Liberdade de Comunicação e
Projeto de Lei de Imprensa
Entrev em 8-9-97 Prof. LJL

Guilherme Döring Cunha Pereira

(Professor de Direito da Comunicação do Master em Jornalismo para Editores)

 

Mirandum: O tema imprensa tem sido amplamente debatido em função do polêmico projeto da nova Lei que tramita na Câmara dos Deputados. Por que as mudanças têm causado tantos questionamentos?

G.C.P.: A razão principal é, inegavelmente, a própria relevância do tema. Sempre que o que está em jogo é a mídia, a repercussão de qualquer mudança legal pode ser imensa. Como elemento chave da cultura moderna e pós-moderna, uma alteração nos limites e contornos de sua atuação traz de forma inevitável conseqüências graves, positivas ou negativas. Eu faria uma comparação com os fluxos e refluxos dos grandes rios: qualquer movimento em seus leitos afetava profundamente, em todos os sentidos, a vida das civilizações que se construíam ao longo de suas margens.

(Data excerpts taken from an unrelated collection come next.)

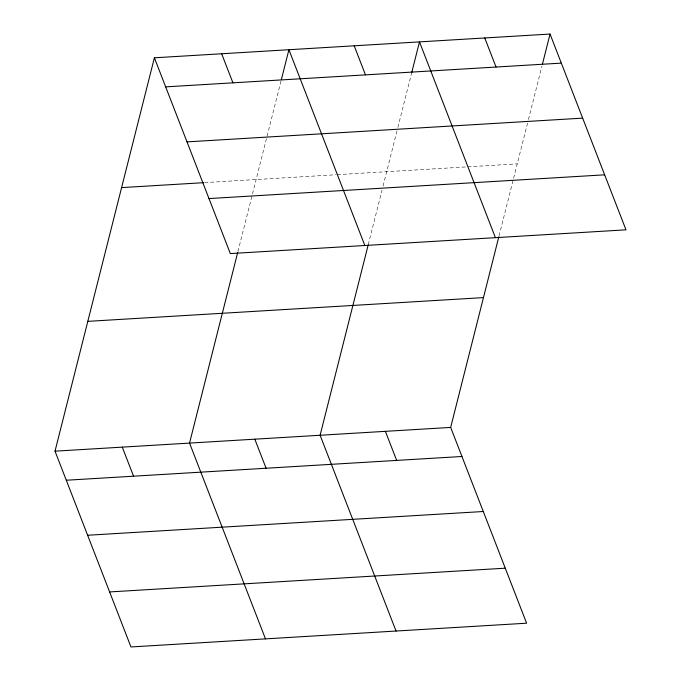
<?xml version="1.0" encoding="UTF-8"?>
<svg xmlns="http://www.w3.org/2000/svg" width="681" height="681" viewBox="0 0 681 681"><rect width="100%" height="100%" fill="white"/><g stroke="black" fill="none" stroke-linecap="round" stroke-linejoin="round"><path stroke-width="0.51" stroke-dasharray="3.4 2.55" d="M237.924 251.553L281.108 80.63M368.234 244.743L382.007 190.22M383.045 186.1L397.619 128.428M397.874 127.398L411.673 72.79M499.054 235.881L513.355 179.29M513.61 178.269L528.184 120.588M528.439 119.558L541.974 65.989M204.623 182.627L336.142 174.736M337.197 174.668L466.706 166.896M467.762 166.836L517.254 163.866"/><path stroke-width="1.02" d="M498.798 236.911L450.669 427.421L526.609 623.2L130.956 646.95L55.016 451.171L154.391 57.8L550.044 34.05L625.984 229.829L230.331 253.579L154.391 57.8M237.669 252.583L189.539 443.093L265.479 638.872M281.364 79.6L288.914 49.722L364.854 245.509M368.234 244.743L320.104 435.253L396.044 631.04M411.673 72.79L419.479 41.89L495.419 237.669M542.493 63.929L550.044 34.05M165.67 86.87L561.323 63.12M187.003 141.886L582.664 118.136M121.601 187.607L203.568 182.687M208.99 198.563L604.643 174.821M87.806 321.355L483.467 297.606M55.016 451.171L450.669 427.421M66.295 480.233L461.948 456.491M87.628 535.249L483.28 511.508M109.615 591.934L505.268 568.184M484.761 37.966L496.04 67.036M354.197 45.806L365.476 74.876M385.386 431.337L396.665 460.407M221.648 53.756L232.928 82.827M254.822 439.177L266.092 468.247M122.274 447.128L133.553 476.198"/></g></svg>
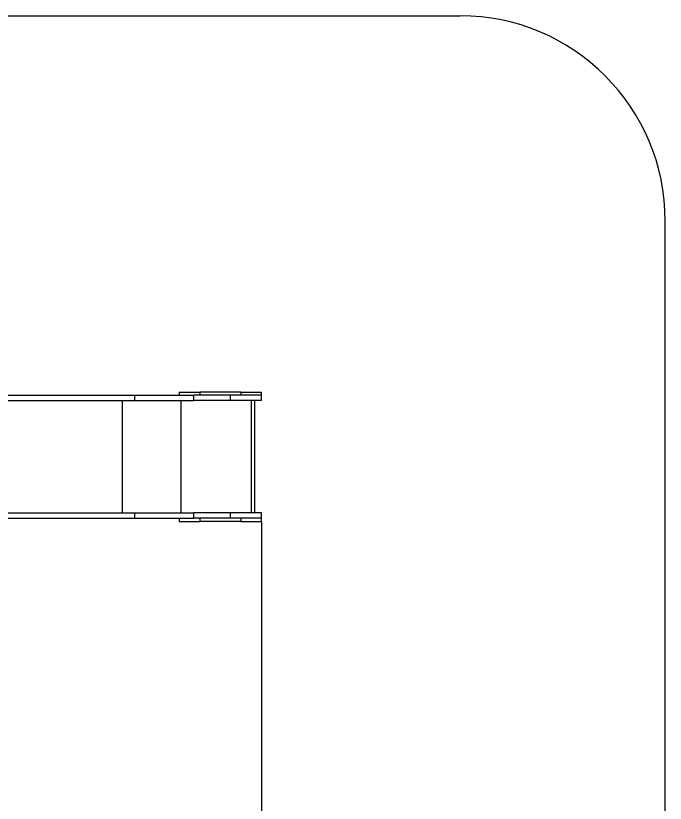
# Model space of a CAD drawing. Header units: millimetres. Extents: x -5427 to 5041, y -4732 to 3732.
# Drawn here: x 1874 to 5041, y -105 to 3732 of the extents above; entities that cross this region are included whole.
import ezdxf

# ---------------------------------------------------------------- set-up
doc = ezdxf.new("R2010")
doc.units = ezdxf.units.MM
for name, color, linetype in [('DIKOM_ЗОНА', 80, 'Continuous'), ('DIKOM_ОБЪЕКТ', 7, 'Continuous'), ('DIKOM_РАЗМЕР_ОБЪЕКТА', 7, 'Continuous')]:
    doc.layers.add(name, color=color, linetype=linetype)
doc.styles.add('style1', font='arial.ttf', dxfattribs={"width": 0.8})
doc.dimstyles.new('1-50', dxfattribs={"dimtxt": 300, "dimasz": 200, "dimexe": 100, "dimexo": 0, "dimgap": 100, "dimtad": 1, "dimtxsty": 'style1', "dimcen": 200, "dimclrd": 7, "dimclre": 7, "dimclrt": 7, "dimadec": 1, "dimazin": 2, "dimtfac": 1, "dimtmove": 0, "dimatfit": 2, "dimfxl": 0, "dimlwd": 25, "dimlwe": 18, "dimarcsym": 0})

# ---------------------------------------------------------------- blocks, each defined once
blk = doc.blocks.new('*D2')
at = {"layer": 'Defpoints', "color": 0, "transparency": 16777216}
for p in [(3071.7, 1268.6), (-2679.8, 366.6), (3071.7, -4057.3)]:
    blk.add_point(p, dxfattribs=at)
at = {"layer": 'DIKOM_РАЗМЕР_ОБЪЕКТА', "color": 7, "lineweight": 18, "transparency": 16777216}
for p, q in [((3071.7, 1268.6), (3071.7, -4157.3)), ((-2679.8, 366.6), (-2679.8, -4157.3))]:
    blk.add_line(p, q, dxfattribs=at)
at = {"layer": 'DIKOM_РАЗМЕР_ОБЪЕКТА', "color": 7, "lineweight": 25, "transparency": 16777216}
blk.add_line((-2479.8, -4057.3), (2871.7, -4057.3), dxfattribs=at)
at = {"layer": 'DIKOM_РАЗМЕР_ОБЪЕКТА', "color": 7, "transparency": 16777216}
for points in [[(-2479.8, -4024), (-2479.8, -4090.6), (-2679.8, -4057.3)], [(2871.7, -4024), (2871.7, -4090.6), (3071.7, -4057.3)]]:
    blk.add_solid(points, dxfattribs=at)
at = {"layer": 'DIKOM_РАЗМЕР_ОБЪЕКТА', "color": 7, "transparency": 16777216, "insert": (196, -3804.1), "char_height": 300, "attachment_point": 5, "style": 'style1'}
blk.add_mtext('5700', dxfattribs=at)

msp = doc.modelspace()

# ---------------------------------------------------------------- linework, layer by layer
at = {"layer": 'DIKOM_ЗОНА', "color": 3, "lineweight": 15}
for p, q in [((-3179.759, 3731.634), (4040.691, 3731.634)), ((5040.691, -189.366), (5040.691, 2731.634))]:
    msp.add_line(p, q, dxfattribs=at)
msp.add_arc((4040.691, 2731.634), 1000, 0, 90, dxfattribs=at)
at = {"layer": 'DIKOM_ОБЪЕКТ', "color": 7, "linetype": 'Continuous', "lineweight": 15}
for p, q in [((852.292, 1883.634), (2455.63, 1883.634)), ((2455.63, 1856.634), (2455.63, 1883.634)), ((2455.63, 1883.634), (2742.123, 1883.634)), ((2671.691, 1898.634), (2671.691, 1883.634)), ((2671.691, 1898.634), (2771.691, 1898.634)), ((2742.123, 1856.634), (2742.123, 1883.634)), ((2921.691, 1883.634), (2742.123, 1883.634)), ((2771.691, 1898.634), (2771.691, 1883.634)), ((2971.691, 1898.634), (2771.691, 1898.634)), ((2921.691, 1856.634), (2921.691, 1883.634)), ((3071.691, 1883.634), (2921.691, 1883.634)), ((2971.691, 1898.634), (2971.691, 1883.634)), ((2971.691, 1898.634), (3071.691, 1898.634)), ((3071.691, 1883.634), (3071.691, 1898.634)), ((3071.691, 1856.634), (3071.691, 1883.634)), ((815.556, 1856.634), (2455.63, 1856.634)), ((2392.649, 1856.634), (2392.649, 1310.634)), ((2455.63, 1856.634), (2742.123, 1856.634)), ((2679.142, 1856.634), (2679.142, 1310.634)), ((2921.691, 1856.634), (2742.123, 1856.634)), ((3071.691, 1856.634), (2921.691, 1856.634)), ((3021.691, 1856.634), (3021.691, 1310.634)), ((3040.691, 1310.634), (3040.691, 1856.634)), ((815.556, 1310.634), (2455.63, 1310.634)), ((2455.63, 1283.634), (2455.63, 1310.634)), ((2455.63, 1310.634), (2742.123, 1310.634)), ((2742.123, 1283.634), (2742.123, 1310.634)), ((2921.691, 1310.634), (2742.123, 1310.634)), ((2921.691, 1283.634), (2921.691, 1310.634)), ((3071.691, 1310.634), (2921.691, 1310.634)), ((3071.691, 1283.634), (3071.691, 1310.634)), ((852.292, 1283.634), (2455.63, 1283.634)), ((2455.63, 1283.634), (2742.123, 1283.634)), ((2671.691, 1283.634), (2671.691, 1268.634)), ((2671.691, 1268.634), (2771.691, 1268.634)), ((2921.691, 1283.634), (2742.123, 1283.634)), ((2771.691, 1283.634), (2771.691, 1268.634)), ((2971.691, 1268.634), (2771.691, 1268.634)), ((3071.691, 1283.634), (2921.691, 1283.634)), ((2971.691, 1283.634), (2971.691, 1268.634)), ((2971.691, 1268.634), (3071.691, 1268.634)), ((3071.691, 1268.634), (3071.691, 1283.634))]:
    msp.add_line(p, q, dxfattribs=at)

# ---------------------------------------------------------------- dimensions: what is measured, and where the dimension line sits
at = {"layer": 'DIKOM_РАЗМЕР_ОБЪЕКТА'}
dim = msp.add_linear_dim(base=(3071.691, -4057.301), p1=(-2679.759, 366.634), p2=(3071.691, 1268.634), text='5700', dimstyle='1-50', dxfattribs=at)
dim.commit()
dim.dimension.update_dxf_attribs({"geometry": '*D2', "text_midpoint": (195.966, -4057.301), "dimtype": 160})

doc.saveas('drawing.dxf')

Mais concretamente, os interesses que podem ser afetados pela mídia são os mais preciosos e fundamentais do homem e da sociedade: todo o conjunto dos bens personalíssimos de cada pessoa (a honra, a privacidade, a imagem, etc...), a liberdade de manifestação das próprias convicções, e, portanto, a liberdade política e a própria democracia, etc... E a polêmica está ligada em boa parte à dificuldade de se encontrar a medida justa que permita defender adequadamente tantos interesses de tamanha magnitude.

 

Mirandum: Em artigo publicado na Gazeta do Povo de cinco de maio do ano passado sobre "a Responsabilidade Civil no Projeto de Lei de Imprensa", o senhor fala sobre os punitive damages (que muitos juristas desconhecem), afirmando "parecer difícil justificar uma condenação com esse teor quando existe para a imprensa, no direito brasileiro, multa e outras sanções que exercem a função corretiva". A própria indenização por dano moral já não é considerada punitiva levando em conta estar, de certa forma, ligada à idéia de sanção? Não seria ela suficiente, uma espécie de lei de talião civilizada?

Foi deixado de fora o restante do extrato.